• DATA EXCERPTS:
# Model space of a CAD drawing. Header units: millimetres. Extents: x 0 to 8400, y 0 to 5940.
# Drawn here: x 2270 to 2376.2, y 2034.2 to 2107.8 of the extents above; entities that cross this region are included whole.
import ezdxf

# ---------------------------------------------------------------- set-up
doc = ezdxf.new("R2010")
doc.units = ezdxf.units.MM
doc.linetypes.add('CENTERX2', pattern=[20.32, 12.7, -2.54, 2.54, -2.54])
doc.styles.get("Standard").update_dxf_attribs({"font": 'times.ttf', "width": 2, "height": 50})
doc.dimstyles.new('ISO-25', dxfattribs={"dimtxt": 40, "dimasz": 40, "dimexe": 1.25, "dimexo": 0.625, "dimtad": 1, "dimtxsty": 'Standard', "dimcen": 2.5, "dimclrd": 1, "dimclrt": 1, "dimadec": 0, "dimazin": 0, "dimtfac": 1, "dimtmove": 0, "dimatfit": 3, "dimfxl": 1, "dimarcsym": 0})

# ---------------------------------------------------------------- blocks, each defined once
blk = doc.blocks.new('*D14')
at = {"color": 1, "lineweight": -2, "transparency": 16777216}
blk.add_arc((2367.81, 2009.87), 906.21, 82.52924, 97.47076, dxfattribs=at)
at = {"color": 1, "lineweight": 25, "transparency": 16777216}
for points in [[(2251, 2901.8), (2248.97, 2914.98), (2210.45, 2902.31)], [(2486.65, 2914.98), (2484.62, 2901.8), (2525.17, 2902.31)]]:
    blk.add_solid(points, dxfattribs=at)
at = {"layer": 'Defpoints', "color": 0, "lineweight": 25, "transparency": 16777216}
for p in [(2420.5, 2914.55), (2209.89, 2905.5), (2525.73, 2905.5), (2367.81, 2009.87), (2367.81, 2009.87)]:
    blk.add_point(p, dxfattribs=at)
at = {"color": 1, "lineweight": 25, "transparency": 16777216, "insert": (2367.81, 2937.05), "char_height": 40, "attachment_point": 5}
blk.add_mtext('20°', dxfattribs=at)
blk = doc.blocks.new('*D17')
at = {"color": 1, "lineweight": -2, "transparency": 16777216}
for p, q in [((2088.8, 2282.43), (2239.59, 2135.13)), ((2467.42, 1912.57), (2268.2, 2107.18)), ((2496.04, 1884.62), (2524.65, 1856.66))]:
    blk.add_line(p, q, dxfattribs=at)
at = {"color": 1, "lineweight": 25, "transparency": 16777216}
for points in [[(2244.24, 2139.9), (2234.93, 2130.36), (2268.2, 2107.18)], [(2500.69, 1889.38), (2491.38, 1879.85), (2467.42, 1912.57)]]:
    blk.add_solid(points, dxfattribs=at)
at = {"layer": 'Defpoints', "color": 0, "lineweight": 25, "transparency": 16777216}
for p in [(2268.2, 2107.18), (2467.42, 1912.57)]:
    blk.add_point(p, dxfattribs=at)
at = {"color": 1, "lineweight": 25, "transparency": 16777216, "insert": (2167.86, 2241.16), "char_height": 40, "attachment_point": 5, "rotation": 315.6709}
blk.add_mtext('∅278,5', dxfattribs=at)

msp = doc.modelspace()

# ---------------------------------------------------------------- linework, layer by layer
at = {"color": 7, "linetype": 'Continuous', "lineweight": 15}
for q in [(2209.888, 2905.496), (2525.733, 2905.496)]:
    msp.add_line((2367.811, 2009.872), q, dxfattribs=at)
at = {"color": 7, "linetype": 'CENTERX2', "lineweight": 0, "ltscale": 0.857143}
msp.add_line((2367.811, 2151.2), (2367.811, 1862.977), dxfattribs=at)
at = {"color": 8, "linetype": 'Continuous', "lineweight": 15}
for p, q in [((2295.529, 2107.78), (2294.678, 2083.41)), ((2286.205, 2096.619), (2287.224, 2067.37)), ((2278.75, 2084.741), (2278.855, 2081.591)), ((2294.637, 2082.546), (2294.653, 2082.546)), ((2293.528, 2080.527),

• TASK GOAL: Lines containing the word "insert" are to be tallied across the entries above; give only the resulting count.

• YOUR SOLUTION: 2